Here is the thing with Meltdown/Spectre, and the other vulnerabilities they are finding, they can't just be exploited remotely to exploit them the malicious program has to already have administrator access to your computer.  You have to run the program with the virus in it, and give it administrator level access, before it can do anything.  At that point, it is easier to just install a keylogger than it is to try to use meltdown/spectre to get your personal info.


----------



## RejZoR (Apr 7, 2018)

It's possible that Google blocked the login attempt straight away and nothing was compromised. They can track the login trends. If you're logging into account for several years from one location and all of a sudden there is an attempt for it from another continent, it's an alarm by itself. Or if you logged in same day in Europe and just hour later it's done from America, you know it can't be legit login.

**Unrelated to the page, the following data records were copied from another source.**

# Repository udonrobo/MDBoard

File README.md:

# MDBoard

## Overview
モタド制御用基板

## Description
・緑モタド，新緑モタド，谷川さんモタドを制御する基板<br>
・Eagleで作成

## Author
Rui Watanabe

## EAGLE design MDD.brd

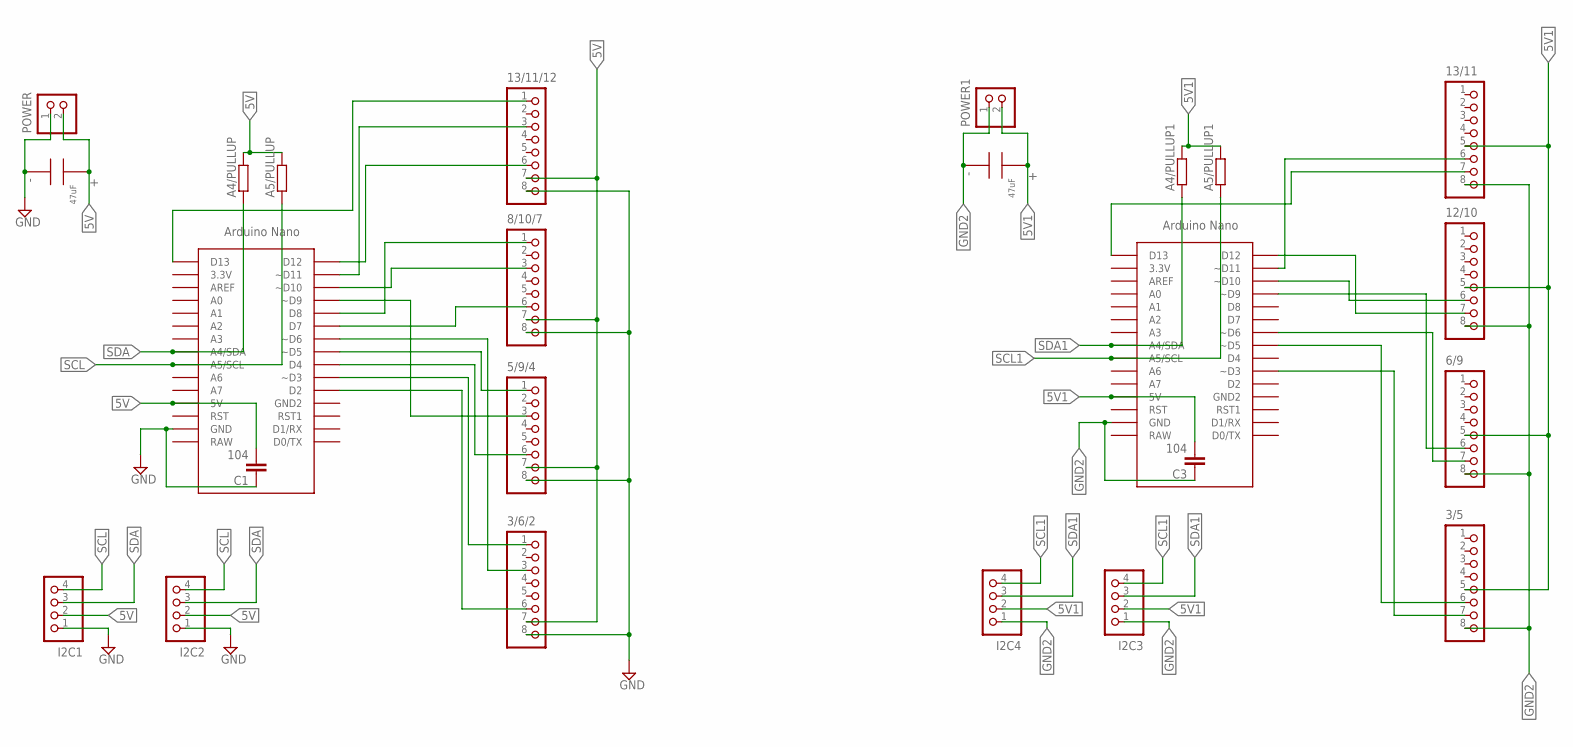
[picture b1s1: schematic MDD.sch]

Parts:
3/5, 3/6/2, 5/9/4, 6/9, 8/10/7, 12/10, 13/11, 13/11/12: B8B-XH-A
A4/PULLUP, A4/PULLUP1, A5/PULLUP, A5/PULLUP1: R-EU_0204/7; 0204/7
C1, C3: 104; C2.5-2
C2, C4: 47uF; C_47UF
I2C1, I2C2, I2C3, I2C4: B4B-XH-A
NANO, NANO1: NANO
POWER, POWER1: B2B-XH-A

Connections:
5V: 3/6/2.7, 5/9/4.7, 8/10/7.7, 13/11/12.7, A4/PULLUP.2, A5/PULLUP.2, C1.2, C2.+, I2C1.2, I2C2.2, NANO.5V, POWER.2 (VCC)
5V1: 3/5.5, 6/9.5, 12/10.5, 13/11.5, A4/PULLUP1.2, A5/PULLUP1.2, C3.2, C4.+, I2C3.2, I2C4.2, NANO1.5V, POWER1.2 (VCC)
GND: 3/6/2.8, 5/9/4.8, 8/10/7.8, 13/11/12.8, C1.1, C2.-, I2C1.1, I2C2.1, NANO.GND, POWER.1 (GND)
GND2: 3/5.8, 6/9.8, 12/10.8, 13/11.8, C3.1, C4.-, I2C3.1, I2C4.1, NANO1.GND, POWER1.1 (GND)
unnamed: 13/11/12.1, NANO.D13
unnamed: 13/11/12.3, NANO.D11 (~D11)
unnamed: 13/11/12.6, NANO.D12
unnamed: 8/10/7.3, NANO.D10 (~D10)
unnamed: 8/10/7.1, NANO.D8
unnamed: 5/9/4.3, NANO.D9 (~D9)
unnamed: 8/10/7.6, NANO.D7
unnamed: 3/6/2.3, NANO.D6 (~D6)
unnamed: 5/9/4.1, NANO.D5 (~D5)
unnamed: 5/9/4.6, NANO.D4
unnamed: 3/6/2.1, NANO.D3 (~D3)
unnamed: 3/6/2.6, NANO.D2
unnamed: 13/11.7, NANO1.D13
unnamed: 6/9.7, NANO1.D6 (~D6)
unnamed: 3/5.7, NANO1.D3 (~D3)
unnamed: 3/5.6, NANO1.D5 (~D5)
unnamed: 6/9.6, NANO1.D9 (~D9)
unnamed: 12/10.6, NANO1.D10 (~D10)
unnamed: 12/10.7, NANO1.D12
unnamed: 13/11.6, NANO1.D11 (~D11)
SCL: A5/PULLUP.1, I2C1.4, I2C2.4, NANO.A5 (A5/SCL)
SCL1: A5/PULLUP1.1, I2C3.4, I2C4.4, NANO1.A5 (A5/SCL)
SDA: A4/PULLUP.1, I2C1.3, I2C2.3, NANO.A4 (A4/SDA)
SDA1: A4/PULLUP1.1, I2C3.3, I2C4.3, NANO1.A4 (A4/SDA)

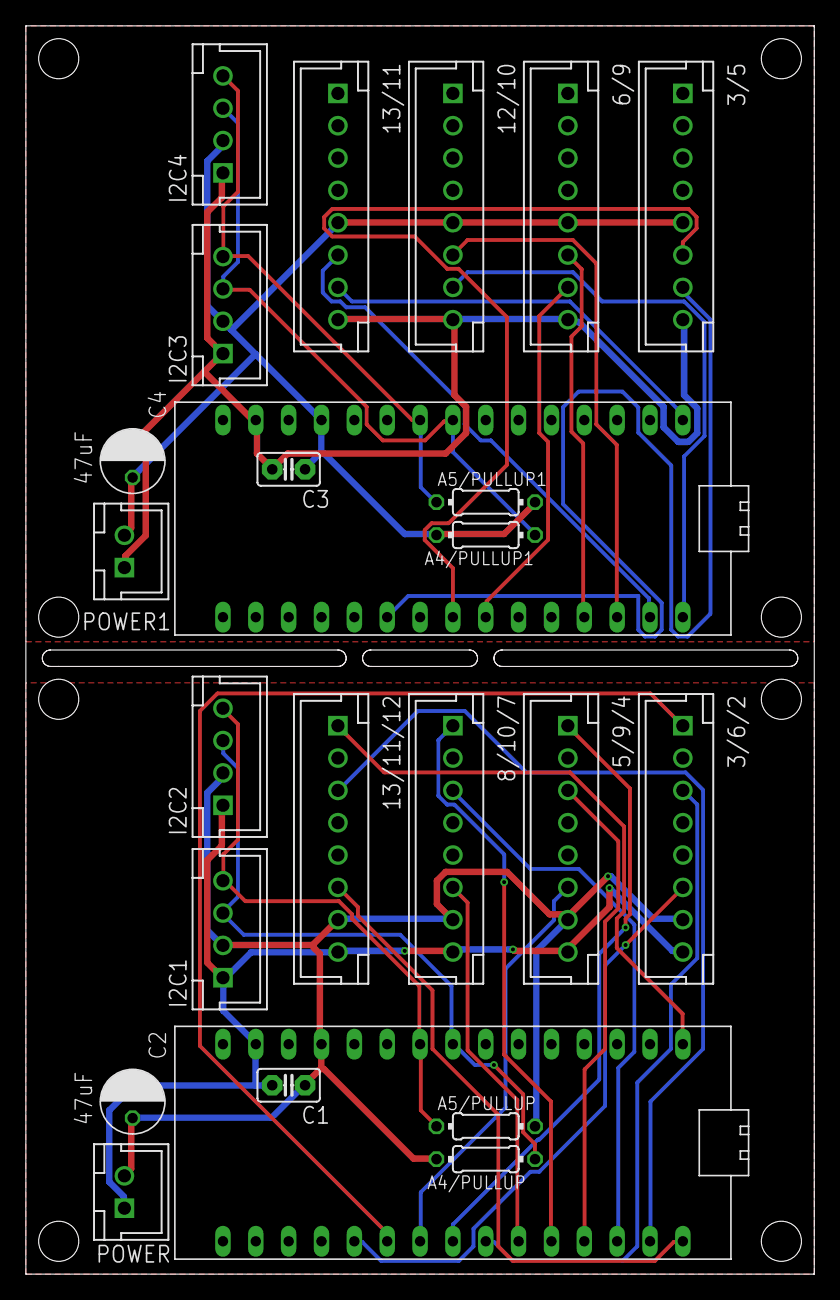
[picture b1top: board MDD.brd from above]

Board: 2 copper layers, 61.0 x 96.5 mm, 24 parts (0 on the bottom side), 28 nets.

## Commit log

2018-01-26 Create LICENCE
2018-01-26 add libraries

Which gave me an idea for ProtonMail how to enhance their security... Nice


----------



## Assimilator (Apr 7, 2018)

You're ignoring the far most likely scenarios:

your previous password was insufficiently complex, allowing the attacker to guess or brute-force it
you used your previous password on website(s) other than Gmail, and one of those website(s) were breached
Set a strong password, *always enable two-factor authentication*, and you will never have problems.



newtekie1 said:


> Here is the thing with Meltdown/Spectre, and the other vulnerabilities they are finding, they can't just be exploited remotely to exploit them the malicious program has to already have administrator access to your computer.



Incorrect.


----------



## mwilke43 (Apr 7, 2018)

jboydgolfer said:


> Yeah they touched on older CPUs as well, gaming didnt show terribly massive impacts apparently. One of my kids is running an Ivy Bridge CPU, he hasnt seen any massive losses. (Win7 pro, i5 3570.)
> 
> you're faced with a decision ,do the patch ,or don't do the patch ,only you can make that choice.  Unfortunately here we can't do anything about the situation, it is what it is, everyone needs to make their decision. I personally wouldnt even bother if it was my personal PC, but I dont mind wiping and starting all over as i keep backups handy, and have nothing on this PC that is "sensitive", but i wouldnt expect anyone to hack my PC either, nor would i sweat it. i hope it works out for You.Good Luck



How much performance impact did your kids' Ivy system suffered ? Some users report up to 30% and that isn't something I could sneeze at. Nonetheless thanks for everything guys, normally I don't bother creating threads like this because I don't care about any of my accounts being hacked since I only register on some gaming forums and help others out with walkthroughs and whatnot, I can simply change the password if it ever gets hacked and forget about it. This was troublesome for me as this was my primary email address which is connected through bank accounts and paypal etc...


----------



## Assimilator (Apr 7, 2018)

Just to note, only Meltdown can be patched via Windows Update. Spectre requires a microcode update which is either part of the BIOS, or has to be loaded before Windows via a third-party (VMware) driver. Considering most motherboard manufacturers don't seem interested in offering updated BIOSes for anything older than Z170/X99, your only option to be protected against Spectre is to use the VMware driver or patch your BIOS yourself.


----------



## mwilke43 (Apr 7, 2018)

Assimilator said:


> Just to note, only Meltdown can be patched via Windows Update. Spectre requires a microcode update which is either part of the BIOS, or has to be loaded before Windows via a third-party (VMware) driver. Considering most motherboard manufacturers don't seem interested in offering updated BIOSes for anything older than Z170/X99, your only option to be protected against Spectre is to use the VMware driver or patch your BIOS yourself.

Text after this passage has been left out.